EXERCISE INSTRUCTIONS: Locate each line with the string "body" in the listing below and copy it.

RECORDED INFORMATION:

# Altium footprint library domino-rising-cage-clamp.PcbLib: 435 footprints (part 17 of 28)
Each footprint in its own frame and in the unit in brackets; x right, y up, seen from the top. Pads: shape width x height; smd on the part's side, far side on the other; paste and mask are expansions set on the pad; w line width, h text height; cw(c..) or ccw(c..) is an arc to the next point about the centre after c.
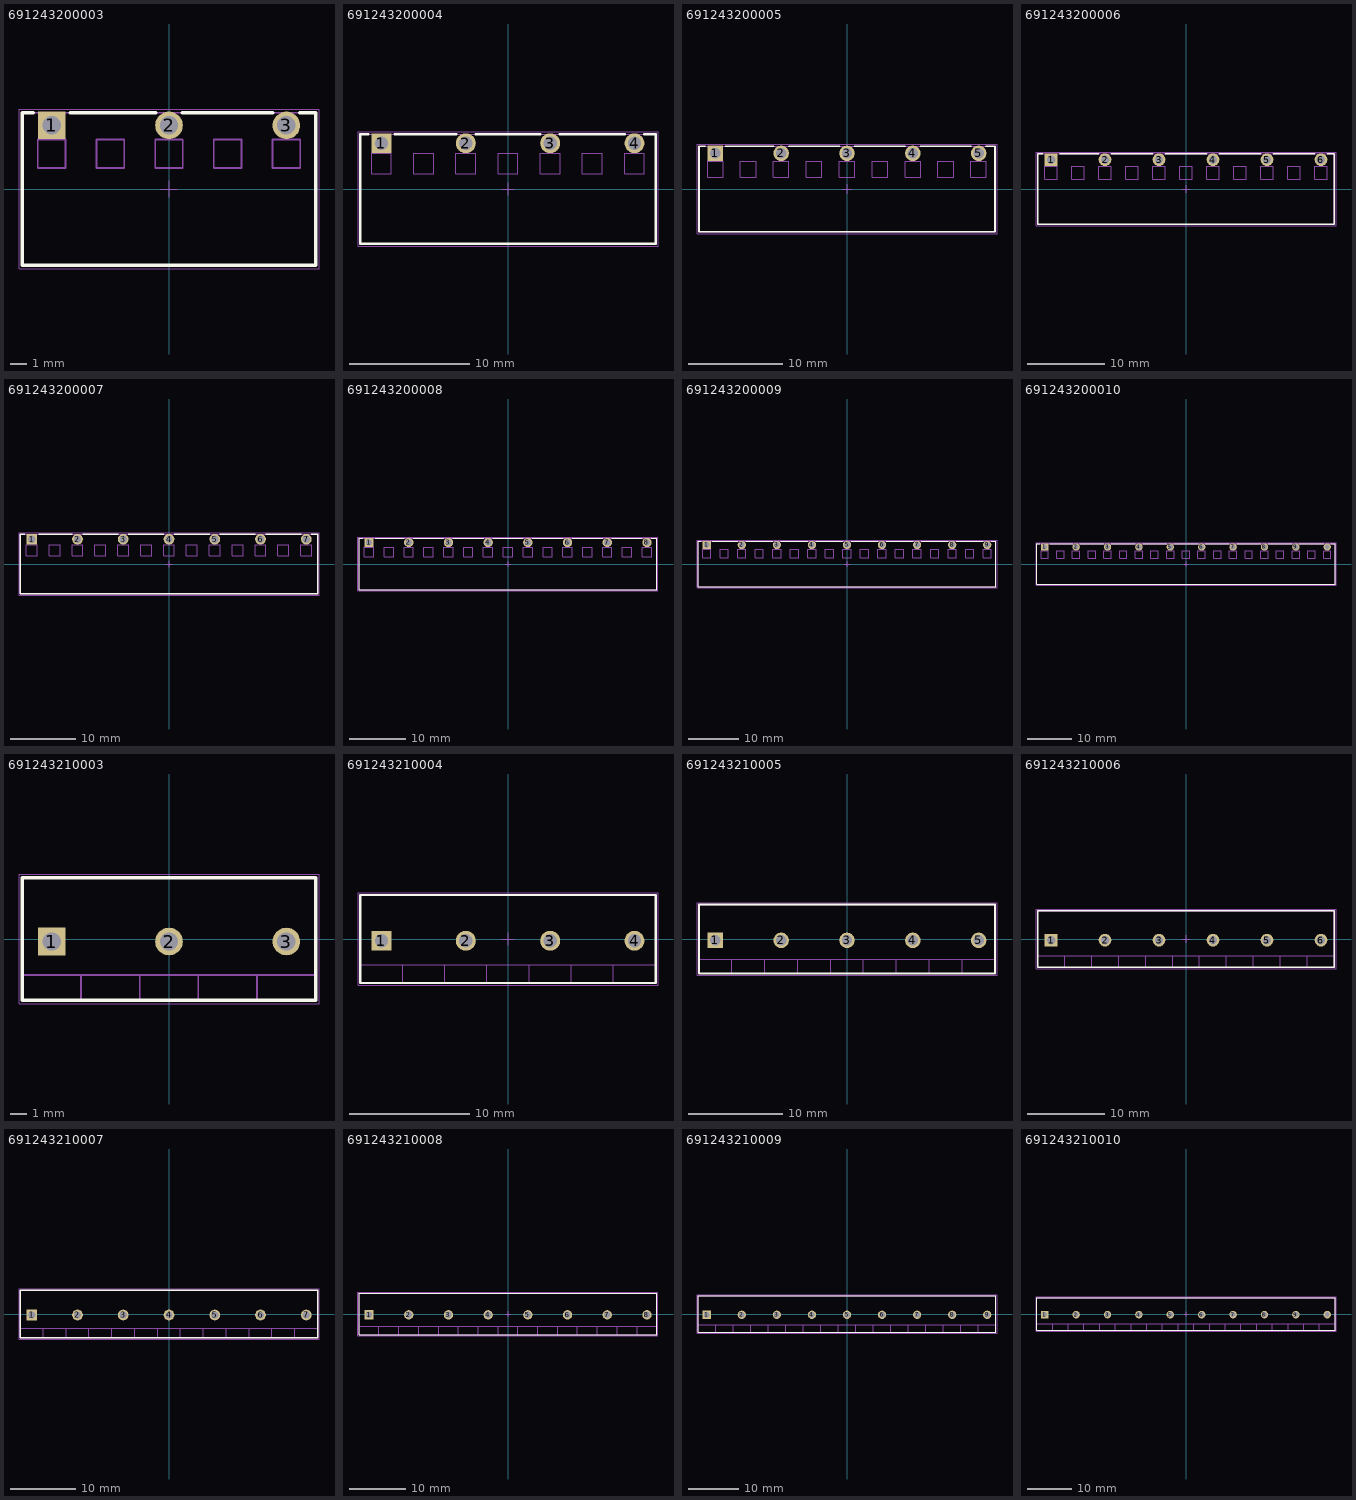
[diagram p16: the footprints below, top view; thin cyan lines are the x and y axes]

## 691243200003 [mm] "Serie 2432 - 7.00 mm _ 3 pins"
height 7.3
pads (3):
  rect 1.65x1.65 hole 1.1: 1(-7,3.8)
  round 1.65 hole 1.1: 2(0,3.8) 3(7,3.8)
Top Overlay:
  lines w0.2: -8.1,4.55 -8.75,4.55 -8.75,-4.55 8.75,-4.55 8.75,4.55 7.8,4.55 ; -5.9,4.55 -0.8,4.55 ; 0.8,4.55 6.2,4.55
Mechanical 13:
  lines w0.1: -8.75,-4.55 -8.75,4.55 8.75,4.55 8.75,-4.55 -8.75,-4.55 ; -7.825,1.25 -6.175,1.25 -6.175,2.95 -7.825,2.95 -7.825,1.25 ; -4.325,1.25 -4.325,2.95 -2.675,2.95 -2.675,1.25 -4.325,1.25 ; -0.825,1.25 -0.825,2.95 0.825,2.95 0.825,1.25 -0.825,1.25 ; 2.675,1.25 2.675,2.95 4.325,2.95 4.325,1.25 2.675,1.25 ; 6.175,1.25 6.175,2.95 7.825,2.95 7.825,1.25 6.175,1.25
Mechanical 15:
  lines w0.05: -0.5,0 0.5,0 ; 0,-0.5 0,0.5 ; -8.95,-4.75 -8.95,4.75 8.95,4.75 8.95,-4.75 -8.95,-4.75
3D body "691243200003.stp": height 7.4, standoff -3.4, extent -8.75,-4.55 8.75,4.55

## 691243200004 [mm] "Serie 2432 - 7.00 mm _ 4 pins"
height 7.3
pads (4):
  rect 1.65x1.65 hole 1.1: 1(-10.5,3.8)
  round 1.65 hole 1.1: 2(-3.5,3.8) 3(3.5,3.8) 4(10.5,3.8)
Top Overlay:
  lines w0.2: -11.6,4.55 -12.25,4.55 -12.25,-4.55 12.25,-4.55 12.25,4.55 11.3,4.55 ; -9.4,4.55 -4.3,4.55 ; -2.7,4.55 2.7,4.55 ; 4.3,4.55 9.7,4.55
Mechanical 13:
  lines w0.1: -12.25,-4.55 -12.25,4.55 12.25,4.55 12.25,-4.55 -12.25,-4.55 ; -11.325,1.25 -9.675,1.25 -9.675,2.95 -11.325,2.95 -11.325,1.25 ; -7.825,1.25 -7.825,2.95 -6.175,2.95 -6.175,1.25 -7.825,1.25 ; -4.325,1.25 -4.325,2.95 -2.675,2.95 -2.675,1.25 -4.325,1.25 ; -0.825,1.25 -0.825,2.95 0.825,2.95 0.825,1.25 -0.825,1.25 ; 2.675,1.25 2.675,2.95 4.325,2.95 4.325,1.25 2.675,1.25 ; 6.175,1.25 6.175,2.95 7.825,2.95 7.825,1.25 6.175,1.25 ; 9.675,1.25 11.325,1.25 11.325,2.95 9.675,2.95 9.675,1.25
Mechanical 15:
  lines w0.05: -0.5,0 0.5,0 ; 0,-0.5 0,0.5 ; -12.45,-4.75 -12.45,4.75 12.45,4.75 12.45,-4.75 -12.45,-4.75
3D body "691243200004.stp": height 7.4, standoff -3.4, extent -12.25,-4.55 12.25,4.55

## 691243200005 [mm] "Serie 2432 - 7.00 mm _ 5 pins"
height 7.3
pads (5):
  rect 1.65x1.65 hole 1.1: 1(-14,3.8)
  round 1.65 hole 1.1: 2(-7,3.8) 3(0,3.8) 4(7,3.8) 5(14,3.8)
Top Overlay:
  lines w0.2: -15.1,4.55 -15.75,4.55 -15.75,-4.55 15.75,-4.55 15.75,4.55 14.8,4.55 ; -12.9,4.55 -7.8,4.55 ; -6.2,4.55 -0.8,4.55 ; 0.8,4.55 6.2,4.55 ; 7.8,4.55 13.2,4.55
# Altium footprint library Connector_PinHeader_1.27mm.PcbLib: 278 footprints (part 14 of 18) (continued)
## PinHeader_2x20_P1.27mm_Horizontal [mm] (continued)
F.CrtYd:
  lines w0.05: -1.15,-25.3 -1.15,1.15 7.3,1.15 7.3,-25.3 -1.15,-25.3
F.Fab:
  lines w0.1: 1.77,-24.33 -0.2,-24.33 -0.2,-23.93 1.77,-23.93 ; 1.77,-23.06 -0.2,-23.06 -0.2,-22.66 1.77,-22.66 ; 1.77,-21.79 -0.2,-21.79 -0.2,-21.39 1.77,-21.39 ; 1.77,-20.52 -0.2,-20.52 -0.2,-20.12 1.77,-20.12 ; 1.77,-19.25 -0.2,-19.25 -0.2,-18.85 1.77,-18.85 ; 1.77,-17.98 -0.2,-17.98 -0.2,-17.58 1.77,-17.58 ; 1.77,-16.71 -0.2,-16.71 -0.2,-16.31 1.77,-16.31 ; 1.77,-15.44 -0.2,-15.44 -0.2,-15.04 1.77,-15.04 ; 1.77,-14.17 -0.2,-14.17 -0.2,-13.77 1.77,-13.77 ; 1.77,-12.9 -0.2,-12.9 -0.2,-12.5 1.77,-12.5 ; 1.77,-11.63 -0.2,-11.63 -0.2,-11.23 1.77,-11.23 ; 1.77,-10.36 -0.2,-10.36 -0.2,-9.96 1.77,-9.96 ; 1.77,-9.09 -0.2,-9.09 -0.2,-8.69 1.77,-8.69 ; 1.77,-7.82 -0.2,-7.82 -0.2,-7.42 1.77,-7.42 ; 1.77,-6.55 -0.2,-6.55 -0.2,-6.15 1.77,-6.15 ; 1.77,-5.28 -0.2,-5.28 -0.2,-4.88 1.77,-4.88 ; 1.77,-4.01 -0.2,-4.01 -0.2,-3.61 1.77,-3.61 ; 1.77,-2.74 -0.2,-2.74 -0.2,-2.34 1.77,-2.34 ; 1.77,-1.47 -0.2,-1.47 -0.2,-1.07 1.77,-1.07 ; 1.77,-0.2 -0.2,-0.2 -0.2,0.2 1.77,0.2 ; 2.77,-24.33 6.77,-24.33 6.77,-23.93 2.77,-23.93 ; 2.77,-23.06 6.77,-23.06 6.77,-22.66 2.77,-22.66 ; 2.77,-21.79 6.77,-21.79 6.77,-21.39 2.77,-21.39 ; 2.77,-20.52 6.77,-20.52 6.77,-20.12 2.77,-20.12 ; 2.77,-19.25 6.77,-19.25 6.77,-18.85 2.77,-18.85 ; 2.77,-17.98 6.77,-17.98 6.77,-17.58 2.77,-17.58 ; 2.77,-16.71 6.77,-16.71 6.77,-16.31 2.77,-16.31 ; 2.77,-15.44 6.77,-15.44 6.77,-15.04 2.77,-15.04 ; 2.77,-14.17 6.77,-14.17 6.77,-13.77 2.77,-13.77 ; 2.77,-12.9 6.77,-12.9 6.77,-12.5 2.77,-12.5 ; 2.77,-11.63 6.77,-11.63 6.77,-11.23 2.77,-11.23 ; 2.77,-10.36 6.77,-10.36 6.77,-9.96 2.77,-9.96 ; 2.77,-9.09 6.77,-9.09 6.77,-8.69 2.77,-8.69 ; 2.77,-7.82 6.77,-7.82 6.77,-7.42 2.77,-7.42 ; 2.77,-6.55 6.77,-6.55 6.77,-6.15 2.77,-6.15 ; 2.77,-5.28 6.77,-5.28 6.77,-4.88 2.77,-4.88 ; 2.77,-4.01 6.77,-4.01 6.77,-3.61 2.77,-3.61 ; 2.77,-2.74 6.77,-2.74 6.77,-2.34 2.77,-2.34 ; 2.77,-1.47 6.77,-1.47 6.77,-1.07 2.77,-1.07 ; 2.77,-0.2 6.77,-0.2 6.77,0.2 2.77,0.2 ; 1.77,-24.765 2.77,-24.765 2.77,0.635 2.02,0.635 1.77,0.385 1.77,-24.765
  text "'.Designator'" at 2.774,-14.493 h0.6

## PinHeader_2x20_P1.27mm_Vertical [mm]
pads (40):
  rect 1x1 hole 0.65: 1(0,0)
  rrect100% 1x1 hole 0.65: 2(1.27,0) 3(0,-1.27) 4(1.27,-1.27) 5(0,-2.54) 6(1.27,-2.54) 7(0,-3.81) 8(1.27,-3.81) 9(0,-5.08) 10(1.27,-5.08) 11(0,-6.35) 12(1.27,-6.35) 13(0,-7.62) 14(1.27,-7.62) 15(0,-8.89) 16(1.27,-8.89) 17(0,-10.16) 18(1.27,-10.16) 19(0,-11.43) 20(1.27,-11.43) 21(0,-12.7) 22(1.27,-12.7) 23(0,-13.97) 24(1.27,-13.97) 25(0,-15.24) 26(1.27,-15.24) 27(0,-16.51) 28(1.27,-16.51) 29(0,-17.78) 30(1.27,-17.78) 31(0,-19.05) 32(1.27,-19.05) 33(0,-20.32) 34(1.27,-20.32) 35(0,-21.59) 36(1.27,-21.59) 37(0,-22.86) 38(1.27,-22.86) 39(0,-24.13) 40(1.27,-24.13)
F.SilkS:
  lines w0.12: -1.13,0 -1.13,0.76 0,0.76 ; -0.563,-0.76 -1.13,-0.76 -1.13,-24.825 -0.308,-24.825 ; 0.308,-24.825 0.962,-24.825 ; 0.563,-0.76 0.707,-0.76 ; 0.76,-0.707 0.76,-0.563 ; 0.76,0.563 0.76,0.695 0.962,0.695 ; 1.578,-24.825 2.4,-24.825 2.4,0.695 1.578,0.695
F.CrtYd:
  lines w0.05: -1.6,-25.3 2.85,-25.3 2.85,1.15 -1.6,1.15 -1.6,-25.3
F.Fab:
  lines w0.1: -1.07,-24.765 -1.07,-0.218 -0.218,0.635 2.34,0.635 2.34,-24.765 -1.07,-24.765
  text "'.Designator'" at 1.475,-16.112 h1

## PinHeader_2x20_P1.27mm_Vertical_SMD [mm]
pads (40):
  rect 2.4x0.74 smd: 1(-1.95,12.065) 2(1.95,12.065) 3(-1.95,10.795) 4(1.95,10.795) 5(-1.95,9.525) 6(1.95,9.525) 7(-1.95,8.255) 8(1.95,8.255) 9(-1.95,6.985) 10(1.95,6.985) 11(-1.95,5.715) 12(1.95,5.715) 13(-1.95,4.445) 14(1.95,4.445) 15(-1.95,3.175) 16(1.95,3.175) 17(-1.95,1.905) 18(1.95,1.905) 19(-1.95,0.635) 20(1.95,0.635) 21(-1.95,-0.635) 22(1.95,-0.635) 23(-1.95,-1.905) 24(1.95,-1.905) 25(-1.95,-3.175) 26(1.95,-3.175) 27(-1.95,-4.445) 28(1.95,-4.445) 29(-1.95,-5.715) 30(1.95,-5.715) 31(-1.95,-6.985) 32(1.95,-6.985) 33(-1.95,-8.255) 34(1.95,-8.255) 35(-1.95,-9.525) 36(1.95,-9.525) 37(-1.95,-10.795) 38(1.95,-10.795) 39(-1.95,-12.065) 40(1.95,-12.065)
F.SilkS:
  lines w0.12: -3.09,12.695 -1.765,12.695 -1.765,12.76 1.765,12.76 1.765,12.695 ; -1.765,-12.695 -1.765,-12.76 1.765,-12.76 1.765,-12.695
F.CrtYd:
  lines w0.05: -4.3,-13.2 -4.3,13.2 4.3,13.2 4.3,-13.2 -4.3,-13.2
F.Fab:
  lines w0.1: -1.705,-12.265 -2.75,-12.265 -2.75,-11.865 -1.705,-11.865 ; -1.705,-10.995 -2.75,-10.995 -2.75,-10.595 -1.705,-10.595 ; -1.705,-9.725 -2.75,-9.725 -2.75,-9.325 -1.705,-9.325 ; -1.705,-8.455 -2.75,-8.455 -2.75,-8.055 -1.705,-8.055 ; -1.705,-7.185 -2.75,-7.185 -2.75,-6.785 -1.705,-6.785 ; -1.705,-5.915 -2.75,-5.915 -2.75,-5.515 -1.705,-5.515 ; -1.705,-4.645 -2.75,-4.645 -2.75,-4.245 -1.705,-4.245 ; -1.705,-3.375 -2.75,-3.375 -2.75,-2.975 -1.705,-2.975 ; -1.705,-2.105 -2.75,-2.105 -2.75,-1.705 -1.705,-1.705 ; -1.705,-0.835 -2.75,-0.835 -2.75,-0.435 -1.705,-0.435 ; -1.705,0.435 -2.75,0.435 -2.75,0.835 -1.705,0.835 ; -1.705,1.705 -2.75,1.705 -2.75,2.105 -1.705,2.105 ; -1.705,2.975 -2.75,2.975 -2.75,3.375 -1.705,3.375 ; -1.705,4.245 -2.75,4.245 -2.75,4.645 -1.705,4.645 ; -1.705,5.515 -2.75,5.515 -2.75,5.915 -1.705,5.915 ; -1.705,6.785 -2.75,6.785 -2.75,7.185 -1.705,7.185 ; -1.705,8.055 -2.75,8.055 -2.75,8.455 -1.705,8.455 ; -1.705,9.325 -2.75,9.325 -2.75,9.725 -1.705,9.725 ; -1.705,10.595 -2.75,10.595 -2.75,10.995 -1.705,10.995 ; -1.705,11.865 -2.75,11.865 -2.75,12.265 -1.705,12.265 ; 1.705,-12.265 2.75,-12.265 2.75,-11.865 1.705,-11.865 ; 1.705,-10.995 2.75,-10.995 2.75,-10.595 1.705,-10.595 ; 1.705,-9.725 2.75,-9.725 2.75,-9.325 1.705,-9.325 ; 1.705,-8.455 2.75,-8.455 2.75,-8.055 1.705,-8.055 ; 1.705,-7.185 2.75,-7.185 2.75,-6.785 1.705,-6.785 ; 1.705,-5.915 2.75,-5.915 2.75,-5.515 1.705,-5.515 ; 1.705,-4.645 2.75,-4.645 2.75,-4.245 1.705,-4.245 ; 1.705,-3.375 2.75,-3.375 2.75,-2.975 1.705,-2.975 ; 1.705,-2.105 2.75,-2.105 2.75,-1.705 1.705,-1.705 ; 1.705,-0.835 2.75,-0.835 2.75,-0.435 1.705,-0.435 ; 1.705,0.435 2.75,0.435 2.75,0.835 1.705,0.835 ; 1.705,1.705 2.75,1.705 2.75,2.105 1.705,2.105 ; 1.705,2.975 2.75,2.975 2.75,3.375 1.705,3.375 ; 1.705,4.245 2.75,4.245 2.75,4.645 1.705,4.645 ; 1.705,5.515 2.75,5.515 2.75,5.915 1.705,5.915 ; 1.705,6.785 2.75,6.785 2.75,7.185 1.705,7.185 ; 1.705,8.055 2.75,8.055 2.75,8.455 1.705,8.455 ; 1.705,9.325 2.75,9.325 2.75,9.725 1.705,9.725 ; 1.705,10.595 2.75,10.595 2.75,10.995 1.705,10.995 ; 1.705,11.865 2.75,11.865 2.75,12.265 1.705,12.265 ; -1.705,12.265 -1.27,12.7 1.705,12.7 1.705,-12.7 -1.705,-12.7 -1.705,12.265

RESPONSE TO THIS TASK:
3D body "691243200003.stp": height 7.4, standoff -3.4, extent -8.75,-4.55 8.75,4.55
3D body "691243200004.stp": height 7.4, standoff -3.4, extent -12.25,-4.55 12.25,4.55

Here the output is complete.